What the task asks: Copy out exactly the lines below that run from the one holding "#139=EDGE_CURVE('E221',#109,#29,#138,.T.);" to the one holding "#151=ADVANCED_FACE('F240',(#150),#134,.F.);", keeping both of those lines and no others.

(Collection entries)

┌──

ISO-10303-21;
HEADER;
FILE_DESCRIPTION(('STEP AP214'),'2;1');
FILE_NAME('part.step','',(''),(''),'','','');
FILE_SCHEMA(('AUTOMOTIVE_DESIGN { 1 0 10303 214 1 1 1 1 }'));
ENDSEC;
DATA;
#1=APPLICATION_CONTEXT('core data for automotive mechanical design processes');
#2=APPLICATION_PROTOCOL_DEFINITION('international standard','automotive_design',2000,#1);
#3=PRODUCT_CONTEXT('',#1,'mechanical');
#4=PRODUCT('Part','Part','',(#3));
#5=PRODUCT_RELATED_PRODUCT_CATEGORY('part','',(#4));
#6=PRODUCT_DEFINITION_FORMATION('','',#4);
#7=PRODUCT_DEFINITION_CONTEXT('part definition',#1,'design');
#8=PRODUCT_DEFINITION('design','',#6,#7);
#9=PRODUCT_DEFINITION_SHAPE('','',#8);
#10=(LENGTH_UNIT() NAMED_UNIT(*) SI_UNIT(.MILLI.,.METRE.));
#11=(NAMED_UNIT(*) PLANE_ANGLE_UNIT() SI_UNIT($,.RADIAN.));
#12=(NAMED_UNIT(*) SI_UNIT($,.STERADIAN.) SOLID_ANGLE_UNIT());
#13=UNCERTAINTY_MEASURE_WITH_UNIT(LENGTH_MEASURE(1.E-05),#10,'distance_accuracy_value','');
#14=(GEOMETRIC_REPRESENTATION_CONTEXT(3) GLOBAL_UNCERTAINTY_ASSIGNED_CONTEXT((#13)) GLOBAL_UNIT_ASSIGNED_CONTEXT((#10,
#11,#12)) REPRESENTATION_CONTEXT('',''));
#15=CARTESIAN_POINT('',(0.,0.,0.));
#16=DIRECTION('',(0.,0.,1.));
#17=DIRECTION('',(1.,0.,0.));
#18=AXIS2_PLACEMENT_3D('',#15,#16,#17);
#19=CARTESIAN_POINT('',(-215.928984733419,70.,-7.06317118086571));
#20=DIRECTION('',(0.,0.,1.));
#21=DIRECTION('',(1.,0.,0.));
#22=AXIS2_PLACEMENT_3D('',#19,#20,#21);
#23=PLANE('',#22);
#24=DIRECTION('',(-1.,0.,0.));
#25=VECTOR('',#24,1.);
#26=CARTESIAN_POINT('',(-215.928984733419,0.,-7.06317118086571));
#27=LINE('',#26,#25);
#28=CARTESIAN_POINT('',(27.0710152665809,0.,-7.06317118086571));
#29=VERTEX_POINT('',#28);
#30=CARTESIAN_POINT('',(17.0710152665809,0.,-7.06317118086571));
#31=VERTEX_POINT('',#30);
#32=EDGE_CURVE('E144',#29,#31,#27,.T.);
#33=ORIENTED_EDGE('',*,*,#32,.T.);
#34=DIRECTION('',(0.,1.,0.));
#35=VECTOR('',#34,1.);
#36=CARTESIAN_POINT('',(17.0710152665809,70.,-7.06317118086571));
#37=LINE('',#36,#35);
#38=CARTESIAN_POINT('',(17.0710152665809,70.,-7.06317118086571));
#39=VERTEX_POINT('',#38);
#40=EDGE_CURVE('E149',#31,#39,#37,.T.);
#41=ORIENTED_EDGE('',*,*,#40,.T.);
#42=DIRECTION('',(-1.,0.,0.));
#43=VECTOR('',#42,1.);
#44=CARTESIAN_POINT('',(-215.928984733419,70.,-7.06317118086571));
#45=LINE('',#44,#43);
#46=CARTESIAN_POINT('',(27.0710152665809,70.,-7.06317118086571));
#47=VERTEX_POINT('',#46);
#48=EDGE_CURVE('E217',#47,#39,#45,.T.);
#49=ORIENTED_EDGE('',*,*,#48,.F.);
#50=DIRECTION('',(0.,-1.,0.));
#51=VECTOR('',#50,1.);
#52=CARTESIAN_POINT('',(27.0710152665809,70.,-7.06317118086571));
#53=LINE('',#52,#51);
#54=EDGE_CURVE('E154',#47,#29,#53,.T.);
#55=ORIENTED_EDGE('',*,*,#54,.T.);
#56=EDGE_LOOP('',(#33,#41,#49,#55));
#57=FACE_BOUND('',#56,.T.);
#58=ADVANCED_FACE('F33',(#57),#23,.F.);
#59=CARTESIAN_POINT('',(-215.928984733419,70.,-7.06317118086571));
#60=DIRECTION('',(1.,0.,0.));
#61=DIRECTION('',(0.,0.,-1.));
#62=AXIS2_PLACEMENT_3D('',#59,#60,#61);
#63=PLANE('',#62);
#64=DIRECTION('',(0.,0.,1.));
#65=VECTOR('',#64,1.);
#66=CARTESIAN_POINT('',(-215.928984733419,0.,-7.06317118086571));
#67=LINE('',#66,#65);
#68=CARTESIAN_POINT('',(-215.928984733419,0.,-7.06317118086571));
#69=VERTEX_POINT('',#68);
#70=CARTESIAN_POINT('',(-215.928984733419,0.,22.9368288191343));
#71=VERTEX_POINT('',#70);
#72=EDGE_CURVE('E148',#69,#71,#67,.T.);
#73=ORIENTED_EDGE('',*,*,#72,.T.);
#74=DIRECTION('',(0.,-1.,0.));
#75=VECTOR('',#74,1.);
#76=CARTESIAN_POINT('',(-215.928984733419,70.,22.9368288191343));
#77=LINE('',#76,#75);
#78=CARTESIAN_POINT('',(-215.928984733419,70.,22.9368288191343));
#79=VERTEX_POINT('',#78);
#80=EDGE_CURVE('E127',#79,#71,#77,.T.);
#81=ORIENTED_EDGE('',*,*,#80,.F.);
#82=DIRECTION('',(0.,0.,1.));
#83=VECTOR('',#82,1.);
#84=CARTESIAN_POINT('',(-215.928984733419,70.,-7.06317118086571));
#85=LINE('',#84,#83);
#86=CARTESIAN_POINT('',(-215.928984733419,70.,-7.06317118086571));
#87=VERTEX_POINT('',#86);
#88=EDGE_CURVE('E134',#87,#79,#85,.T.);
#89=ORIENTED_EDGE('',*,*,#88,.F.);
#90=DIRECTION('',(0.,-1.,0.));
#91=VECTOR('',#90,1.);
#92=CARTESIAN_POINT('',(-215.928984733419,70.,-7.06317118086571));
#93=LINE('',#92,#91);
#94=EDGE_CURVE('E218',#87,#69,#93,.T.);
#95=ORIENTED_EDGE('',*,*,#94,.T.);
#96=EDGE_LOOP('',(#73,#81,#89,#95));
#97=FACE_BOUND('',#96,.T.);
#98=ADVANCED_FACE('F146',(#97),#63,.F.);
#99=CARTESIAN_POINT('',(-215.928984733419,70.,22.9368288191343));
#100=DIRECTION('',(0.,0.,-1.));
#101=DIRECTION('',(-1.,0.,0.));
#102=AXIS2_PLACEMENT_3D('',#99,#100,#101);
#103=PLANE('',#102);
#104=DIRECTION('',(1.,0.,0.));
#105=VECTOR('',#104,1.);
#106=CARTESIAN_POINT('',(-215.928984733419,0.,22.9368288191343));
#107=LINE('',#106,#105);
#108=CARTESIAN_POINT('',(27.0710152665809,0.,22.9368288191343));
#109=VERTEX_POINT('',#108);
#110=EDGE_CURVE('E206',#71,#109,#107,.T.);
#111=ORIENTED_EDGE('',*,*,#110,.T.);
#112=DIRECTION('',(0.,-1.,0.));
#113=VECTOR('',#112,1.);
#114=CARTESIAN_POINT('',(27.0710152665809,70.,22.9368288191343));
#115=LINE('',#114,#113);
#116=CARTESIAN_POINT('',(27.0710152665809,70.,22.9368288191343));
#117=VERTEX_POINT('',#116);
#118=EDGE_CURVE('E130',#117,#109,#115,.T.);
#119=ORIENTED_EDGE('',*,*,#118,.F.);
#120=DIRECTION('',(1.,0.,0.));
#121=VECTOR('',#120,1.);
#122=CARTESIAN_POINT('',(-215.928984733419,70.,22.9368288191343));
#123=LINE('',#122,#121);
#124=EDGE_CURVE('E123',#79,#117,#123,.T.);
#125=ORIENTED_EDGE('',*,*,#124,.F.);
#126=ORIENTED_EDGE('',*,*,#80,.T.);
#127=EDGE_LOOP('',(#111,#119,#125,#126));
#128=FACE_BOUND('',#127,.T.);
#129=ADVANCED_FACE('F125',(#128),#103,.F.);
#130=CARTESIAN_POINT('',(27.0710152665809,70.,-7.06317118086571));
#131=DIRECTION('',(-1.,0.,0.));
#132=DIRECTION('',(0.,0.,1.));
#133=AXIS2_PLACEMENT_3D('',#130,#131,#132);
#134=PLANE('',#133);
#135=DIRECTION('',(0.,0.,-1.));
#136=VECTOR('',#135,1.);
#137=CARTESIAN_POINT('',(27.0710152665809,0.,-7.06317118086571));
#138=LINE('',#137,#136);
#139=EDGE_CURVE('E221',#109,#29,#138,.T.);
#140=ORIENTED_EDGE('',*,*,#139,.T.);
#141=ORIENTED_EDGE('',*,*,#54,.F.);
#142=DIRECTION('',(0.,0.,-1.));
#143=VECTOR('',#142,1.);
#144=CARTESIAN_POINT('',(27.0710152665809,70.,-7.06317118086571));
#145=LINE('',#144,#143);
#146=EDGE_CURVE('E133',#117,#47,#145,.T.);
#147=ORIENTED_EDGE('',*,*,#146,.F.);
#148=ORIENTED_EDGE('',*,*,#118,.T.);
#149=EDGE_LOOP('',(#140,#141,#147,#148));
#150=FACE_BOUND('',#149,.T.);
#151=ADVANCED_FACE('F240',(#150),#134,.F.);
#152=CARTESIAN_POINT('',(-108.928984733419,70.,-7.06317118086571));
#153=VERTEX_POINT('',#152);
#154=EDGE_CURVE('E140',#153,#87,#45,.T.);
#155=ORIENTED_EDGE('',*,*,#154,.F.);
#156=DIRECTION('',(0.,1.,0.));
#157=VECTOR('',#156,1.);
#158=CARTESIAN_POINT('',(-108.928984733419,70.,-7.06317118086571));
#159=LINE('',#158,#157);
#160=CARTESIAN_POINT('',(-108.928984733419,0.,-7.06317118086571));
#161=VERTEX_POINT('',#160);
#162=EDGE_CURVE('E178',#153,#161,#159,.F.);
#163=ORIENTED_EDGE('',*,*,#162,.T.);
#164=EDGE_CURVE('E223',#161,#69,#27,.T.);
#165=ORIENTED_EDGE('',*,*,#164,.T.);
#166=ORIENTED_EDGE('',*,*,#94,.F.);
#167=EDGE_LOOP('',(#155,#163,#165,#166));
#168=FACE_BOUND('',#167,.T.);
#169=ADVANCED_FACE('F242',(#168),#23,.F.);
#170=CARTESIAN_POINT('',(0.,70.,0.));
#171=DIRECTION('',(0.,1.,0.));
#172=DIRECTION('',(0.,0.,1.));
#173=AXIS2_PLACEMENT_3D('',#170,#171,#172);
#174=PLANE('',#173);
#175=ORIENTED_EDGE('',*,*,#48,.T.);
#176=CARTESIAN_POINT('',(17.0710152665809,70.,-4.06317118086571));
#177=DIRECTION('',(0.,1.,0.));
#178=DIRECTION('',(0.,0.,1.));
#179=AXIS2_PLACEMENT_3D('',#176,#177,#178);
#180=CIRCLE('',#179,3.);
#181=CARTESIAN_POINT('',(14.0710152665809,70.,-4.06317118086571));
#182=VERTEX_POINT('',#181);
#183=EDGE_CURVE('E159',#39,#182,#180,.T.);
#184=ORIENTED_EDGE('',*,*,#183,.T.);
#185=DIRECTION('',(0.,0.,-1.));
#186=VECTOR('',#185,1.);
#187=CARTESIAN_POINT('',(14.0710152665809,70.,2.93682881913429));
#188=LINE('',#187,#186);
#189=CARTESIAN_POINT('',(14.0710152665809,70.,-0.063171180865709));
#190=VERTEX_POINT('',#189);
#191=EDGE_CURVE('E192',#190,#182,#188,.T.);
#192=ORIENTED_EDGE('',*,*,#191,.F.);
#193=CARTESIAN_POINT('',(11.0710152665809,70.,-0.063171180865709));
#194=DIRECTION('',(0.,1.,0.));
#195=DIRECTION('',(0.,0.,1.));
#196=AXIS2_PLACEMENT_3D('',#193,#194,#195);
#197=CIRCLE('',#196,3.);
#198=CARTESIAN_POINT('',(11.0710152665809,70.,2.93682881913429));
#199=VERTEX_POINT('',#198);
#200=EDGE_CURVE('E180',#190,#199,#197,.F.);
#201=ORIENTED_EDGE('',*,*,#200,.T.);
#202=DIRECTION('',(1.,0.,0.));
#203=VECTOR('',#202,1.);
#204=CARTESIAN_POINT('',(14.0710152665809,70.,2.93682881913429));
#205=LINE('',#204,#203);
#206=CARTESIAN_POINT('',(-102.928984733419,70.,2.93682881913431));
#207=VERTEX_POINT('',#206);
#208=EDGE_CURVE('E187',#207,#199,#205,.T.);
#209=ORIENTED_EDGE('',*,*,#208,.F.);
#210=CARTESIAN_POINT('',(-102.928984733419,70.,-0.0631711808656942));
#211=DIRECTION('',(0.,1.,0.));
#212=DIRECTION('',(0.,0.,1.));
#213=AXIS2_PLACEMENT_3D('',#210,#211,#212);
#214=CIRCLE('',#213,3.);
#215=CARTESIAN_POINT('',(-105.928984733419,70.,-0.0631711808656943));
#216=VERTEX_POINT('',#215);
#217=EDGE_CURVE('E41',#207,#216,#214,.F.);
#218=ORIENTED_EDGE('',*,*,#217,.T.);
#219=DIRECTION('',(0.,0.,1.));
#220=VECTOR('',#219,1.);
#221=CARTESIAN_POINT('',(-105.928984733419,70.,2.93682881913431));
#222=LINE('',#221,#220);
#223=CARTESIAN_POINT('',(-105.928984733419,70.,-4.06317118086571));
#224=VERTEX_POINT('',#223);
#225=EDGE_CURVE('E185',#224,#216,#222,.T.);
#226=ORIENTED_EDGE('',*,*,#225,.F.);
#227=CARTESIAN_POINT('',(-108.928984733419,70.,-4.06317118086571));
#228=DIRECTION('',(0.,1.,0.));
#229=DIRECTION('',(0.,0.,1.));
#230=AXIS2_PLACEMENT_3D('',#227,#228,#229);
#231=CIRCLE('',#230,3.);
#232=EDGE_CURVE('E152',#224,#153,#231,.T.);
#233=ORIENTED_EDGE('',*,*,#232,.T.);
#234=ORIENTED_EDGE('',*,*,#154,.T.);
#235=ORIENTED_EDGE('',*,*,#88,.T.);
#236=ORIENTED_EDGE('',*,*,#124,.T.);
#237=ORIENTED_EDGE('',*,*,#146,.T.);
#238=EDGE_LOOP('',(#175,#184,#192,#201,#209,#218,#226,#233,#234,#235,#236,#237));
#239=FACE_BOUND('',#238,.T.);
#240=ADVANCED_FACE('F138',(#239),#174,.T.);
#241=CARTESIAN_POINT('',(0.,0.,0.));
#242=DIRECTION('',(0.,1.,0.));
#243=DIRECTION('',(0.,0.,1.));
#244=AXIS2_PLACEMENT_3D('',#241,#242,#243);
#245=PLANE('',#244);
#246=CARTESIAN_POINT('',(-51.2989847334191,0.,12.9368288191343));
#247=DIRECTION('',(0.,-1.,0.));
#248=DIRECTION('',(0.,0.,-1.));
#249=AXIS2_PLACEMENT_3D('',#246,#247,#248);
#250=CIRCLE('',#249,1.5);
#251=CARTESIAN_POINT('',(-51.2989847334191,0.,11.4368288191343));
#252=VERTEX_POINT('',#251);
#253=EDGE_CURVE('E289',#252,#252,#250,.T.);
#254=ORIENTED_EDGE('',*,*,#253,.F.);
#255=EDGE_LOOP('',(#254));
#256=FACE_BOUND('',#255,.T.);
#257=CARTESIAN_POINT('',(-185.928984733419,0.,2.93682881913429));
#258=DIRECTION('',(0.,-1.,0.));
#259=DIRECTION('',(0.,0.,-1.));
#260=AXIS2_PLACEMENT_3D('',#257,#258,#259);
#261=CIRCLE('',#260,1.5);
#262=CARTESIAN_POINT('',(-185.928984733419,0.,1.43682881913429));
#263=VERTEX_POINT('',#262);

└──

Solution:
#139=EDGE_CURVE('E221',#109,#29,#138,.T.);
#140=ORIENTED_EDGE('',*,*,#139,.T.);
#141=ORIENTED_EDGE('',*,*,#54,.F.);
#142=DIRECTION('',(0.,0.,-1.));
#143=VECTOR('',#142,1.);
#144=CARTESIAN_POINT('',(27.0710152665809,70.,-7.06317118086571));
#145=LINE('',#144,#143);
#146=EDGE_CURVE('E133',#117,#47,#145,.T.);
#147=ORIENTED_EDGE('',*,*,#146,.F.);
#148=ORIENTED_EDGE('',*,*,#118,.T.);
#149=EDGE_LOOP('',(#140,#141,#147,#148));
#150=FACE_BOUND('',#149,.T.);
#151=ADVANCED_FACE('F240',(#150),#134,.F.);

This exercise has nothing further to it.